▸ **How to complete this task**:
Find the word "vertex" in the material below and gather every line that contains it.

::::

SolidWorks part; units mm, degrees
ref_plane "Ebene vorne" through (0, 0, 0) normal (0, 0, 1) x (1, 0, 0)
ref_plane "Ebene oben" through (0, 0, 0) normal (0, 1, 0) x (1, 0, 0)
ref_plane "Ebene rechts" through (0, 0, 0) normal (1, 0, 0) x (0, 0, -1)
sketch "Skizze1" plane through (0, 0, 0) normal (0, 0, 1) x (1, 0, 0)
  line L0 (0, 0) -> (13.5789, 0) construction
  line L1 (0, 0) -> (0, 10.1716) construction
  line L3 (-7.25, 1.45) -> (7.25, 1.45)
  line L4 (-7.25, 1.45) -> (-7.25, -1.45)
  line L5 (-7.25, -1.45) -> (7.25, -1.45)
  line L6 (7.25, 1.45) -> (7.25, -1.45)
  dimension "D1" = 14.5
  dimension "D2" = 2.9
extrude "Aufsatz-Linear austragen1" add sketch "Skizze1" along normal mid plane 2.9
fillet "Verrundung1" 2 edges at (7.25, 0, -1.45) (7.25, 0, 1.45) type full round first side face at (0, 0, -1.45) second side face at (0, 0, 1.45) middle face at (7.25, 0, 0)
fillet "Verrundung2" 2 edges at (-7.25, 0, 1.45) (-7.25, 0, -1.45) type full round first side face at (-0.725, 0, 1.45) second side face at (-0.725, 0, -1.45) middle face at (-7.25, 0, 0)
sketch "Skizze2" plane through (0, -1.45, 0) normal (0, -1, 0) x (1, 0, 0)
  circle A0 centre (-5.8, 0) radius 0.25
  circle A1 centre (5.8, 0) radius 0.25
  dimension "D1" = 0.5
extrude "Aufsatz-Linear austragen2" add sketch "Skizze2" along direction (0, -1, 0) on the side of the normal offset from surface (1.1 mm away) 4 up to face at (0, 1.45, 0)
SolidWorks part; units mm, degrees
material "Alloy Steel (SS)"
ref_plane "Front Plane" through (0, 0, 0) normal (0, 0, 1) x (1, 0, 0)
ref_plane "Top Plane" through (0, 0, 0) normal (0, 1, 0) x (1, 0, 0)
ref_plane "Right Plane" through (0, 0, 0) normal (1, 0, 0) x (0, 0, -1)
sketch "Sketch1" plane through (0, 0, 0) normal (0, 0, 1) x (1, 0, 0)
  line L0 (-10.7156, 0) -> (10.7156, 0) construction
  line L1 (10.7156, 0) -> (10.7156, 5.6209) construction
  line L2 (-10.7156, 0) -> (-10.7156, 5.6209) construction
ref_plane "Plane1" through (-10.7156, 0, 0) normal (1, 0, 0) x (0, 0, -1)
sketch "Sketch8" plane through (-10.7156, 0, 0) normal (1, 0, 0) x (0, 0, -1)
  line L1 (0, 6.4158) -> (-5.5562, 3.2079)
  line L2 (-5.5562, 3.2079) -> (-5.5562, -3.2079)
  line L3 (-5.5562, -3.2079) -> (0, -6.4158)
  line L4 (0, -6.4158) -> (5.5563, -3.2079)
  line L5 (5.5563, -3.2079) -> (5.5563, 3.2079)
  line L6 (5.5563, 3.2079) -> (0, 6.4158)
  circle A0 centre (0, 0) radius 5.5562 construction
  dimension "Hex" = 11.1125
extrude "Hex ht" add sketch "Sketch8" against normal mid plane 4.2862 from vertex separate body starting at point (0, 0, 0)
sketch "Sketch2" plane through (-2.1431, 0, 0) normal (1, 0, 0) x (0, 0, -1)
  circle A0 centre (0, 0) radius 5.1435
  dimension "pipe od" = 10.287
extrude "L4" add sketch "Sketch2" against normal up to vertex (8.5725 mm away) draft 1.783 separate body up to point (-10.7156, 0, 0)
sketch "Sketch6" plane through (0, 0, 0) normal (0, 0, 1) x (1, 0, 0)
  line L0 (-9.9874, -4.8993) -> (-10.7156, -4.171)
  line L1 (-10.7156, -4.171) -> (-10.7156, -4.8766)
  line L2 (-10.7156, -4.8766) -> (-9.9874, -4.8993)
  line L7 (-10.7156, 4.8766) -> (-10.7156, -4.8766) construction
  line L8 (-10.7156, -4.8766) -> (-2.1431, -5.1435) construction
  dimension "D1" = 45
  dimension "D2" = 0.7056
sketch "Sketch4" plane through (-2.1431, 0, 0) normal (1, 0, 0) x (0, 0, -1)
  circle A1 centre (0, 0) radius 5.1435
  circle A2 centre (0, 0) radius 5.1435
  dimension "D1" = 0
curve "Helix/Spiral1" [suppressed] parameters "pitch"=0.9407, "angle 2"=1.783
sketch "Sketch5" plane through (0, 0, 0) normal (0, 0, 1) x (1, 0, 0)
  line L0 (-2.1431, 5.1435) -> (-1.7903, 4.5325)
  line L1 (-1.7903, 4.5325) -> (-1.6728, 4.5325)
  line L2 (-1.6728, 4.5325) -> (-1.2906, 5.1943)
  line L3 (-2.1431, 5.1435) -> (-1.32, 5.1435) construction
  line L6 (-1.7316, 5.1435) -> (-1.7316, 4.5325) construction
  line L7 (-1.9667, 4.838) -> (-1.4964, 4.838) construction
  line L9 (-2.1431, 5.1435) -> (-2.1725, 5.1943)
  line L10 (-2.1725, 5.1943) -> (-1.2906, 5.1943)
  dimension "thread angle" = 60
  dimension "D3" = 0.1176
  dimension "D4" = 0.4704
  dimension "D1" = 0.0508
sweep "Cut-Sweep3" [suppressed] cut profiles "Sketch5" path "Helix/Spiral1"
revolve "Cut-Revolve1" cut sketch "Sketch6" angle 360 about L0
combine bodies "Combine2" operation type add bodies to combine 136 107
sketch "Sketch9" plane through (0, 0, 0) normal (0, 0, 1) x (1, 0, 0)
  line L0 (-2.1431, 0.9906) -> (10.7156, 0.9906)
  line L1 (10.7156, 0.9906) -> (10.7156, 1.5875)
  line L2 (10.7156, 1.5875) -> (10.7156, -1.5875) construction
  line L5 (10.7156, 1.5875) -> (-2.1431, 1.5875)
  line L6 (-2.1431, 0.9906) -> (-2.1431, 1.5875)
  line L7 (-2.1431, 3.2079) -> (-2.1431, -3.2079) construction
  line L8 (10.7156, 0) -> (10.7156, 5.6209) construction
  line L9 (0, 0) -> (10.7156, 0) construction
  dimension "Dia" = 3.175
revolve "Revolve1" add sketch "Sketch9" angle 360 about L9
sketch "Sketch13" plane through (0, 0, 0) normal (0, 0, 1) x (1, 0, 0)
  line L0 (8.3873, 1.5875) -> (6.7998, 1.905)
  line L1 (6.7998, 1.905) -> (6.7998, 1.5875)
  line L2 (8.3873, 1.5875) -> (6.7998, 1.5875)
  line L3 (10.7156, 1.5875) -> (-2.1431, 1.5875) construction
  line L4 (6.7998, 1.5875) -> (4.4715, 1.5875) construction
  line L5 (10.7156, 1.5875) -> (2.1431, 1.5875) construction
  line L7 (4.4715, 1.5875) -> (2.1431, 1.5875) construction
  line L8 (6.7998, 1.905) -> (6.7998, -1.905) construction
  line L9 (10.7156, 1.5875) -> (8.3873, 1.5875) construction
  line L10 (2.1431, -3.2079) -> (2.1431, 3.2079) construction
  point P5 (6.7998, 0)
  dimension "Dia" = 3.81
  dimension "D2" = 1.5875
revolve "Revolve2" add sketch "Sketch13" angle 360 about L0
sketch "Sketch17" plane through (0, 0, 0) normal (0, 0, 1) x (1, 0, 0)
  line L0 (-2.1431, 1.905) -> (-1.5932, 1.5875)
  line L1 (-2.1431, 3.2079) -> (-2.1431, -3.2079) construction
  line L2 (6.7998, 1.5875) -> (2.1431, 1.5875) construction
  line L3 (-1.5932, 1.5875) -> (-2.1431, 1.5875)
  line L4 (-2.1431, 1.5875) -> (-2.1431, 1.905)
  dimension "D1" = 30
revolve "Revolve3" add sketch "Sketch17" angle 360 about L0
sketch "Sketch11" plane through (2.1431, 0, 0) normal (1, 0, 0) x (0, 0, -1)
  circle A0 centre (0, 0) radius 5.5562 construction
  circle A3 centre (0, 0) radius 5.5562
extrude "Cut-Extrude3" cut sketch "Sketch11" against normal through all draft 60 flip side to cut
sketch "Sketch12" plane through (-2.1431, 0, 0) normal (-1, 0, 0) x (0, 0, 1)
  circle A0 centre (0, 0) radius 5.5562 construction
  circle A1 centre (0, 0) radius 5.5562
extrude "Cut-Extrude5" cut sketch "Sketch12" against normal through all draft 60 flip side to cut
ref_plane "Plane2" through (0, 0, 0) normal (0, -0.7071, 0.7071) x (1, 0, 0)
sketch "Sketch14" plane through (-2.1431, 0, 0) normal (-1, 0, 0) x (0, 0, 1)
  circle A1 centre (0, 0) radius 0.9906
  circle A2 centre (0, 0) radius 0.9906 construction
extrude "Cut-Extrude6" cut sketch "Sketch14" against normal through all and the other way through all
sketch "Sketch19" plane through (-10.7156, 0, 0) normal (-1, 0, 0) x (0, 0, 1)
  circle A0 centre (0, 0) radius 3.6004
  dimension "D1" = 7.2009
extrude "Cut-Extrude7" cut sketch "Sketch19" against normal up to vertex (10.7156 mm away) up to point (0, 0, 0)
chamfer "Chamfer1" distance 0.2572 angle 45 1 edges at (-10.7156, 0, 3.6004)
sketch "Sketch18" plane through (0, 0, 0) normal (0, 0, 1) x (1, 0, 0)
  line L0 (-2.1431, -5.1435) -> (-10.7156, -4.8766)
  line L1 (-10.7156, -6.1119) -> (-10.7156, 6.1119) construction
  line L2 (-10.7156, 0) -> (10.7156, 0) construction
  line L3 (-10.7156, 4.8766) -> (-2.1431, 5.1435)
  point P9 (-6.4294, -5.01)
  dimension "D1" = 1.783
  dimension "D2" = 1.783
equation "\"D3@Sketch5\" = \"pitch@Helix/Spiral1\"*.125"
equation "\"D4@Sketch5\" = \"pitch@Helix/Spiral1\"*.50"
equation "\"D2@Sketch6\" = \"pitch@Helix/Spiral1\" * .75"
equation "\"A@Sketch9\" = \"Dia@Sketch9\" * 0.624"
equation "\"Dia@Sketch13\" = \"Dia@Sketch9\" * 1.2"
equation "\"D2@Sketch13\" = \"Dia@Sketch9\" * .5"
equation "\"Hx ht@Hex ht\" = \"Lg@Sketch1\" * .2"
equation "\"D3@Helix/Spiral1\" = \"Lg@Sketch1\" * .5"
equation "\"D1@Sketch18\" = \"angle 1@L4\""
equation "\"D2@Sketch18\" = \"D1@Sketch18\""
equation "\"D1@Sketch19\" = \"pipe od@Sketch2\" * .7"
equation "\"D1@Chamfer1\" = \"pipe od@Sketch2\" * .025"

::::

▸ **Written solution**:
extrude "Hex ht" add sketch "Sketch8" against normal mid plane 4.2862 from vertex separate body starting at point (0, 0, 0)
extrude "L4" add sketch "Sketch2" against normal up to vertex (8.5725 mm away) draft 1.783 separate body up to point (-10.7156, 0, 0)
extrude "Cut-Extrude7" cut sketch "Sketch19" against normal up to vertex (10.7156 mm away) up to point (0, 0, 0)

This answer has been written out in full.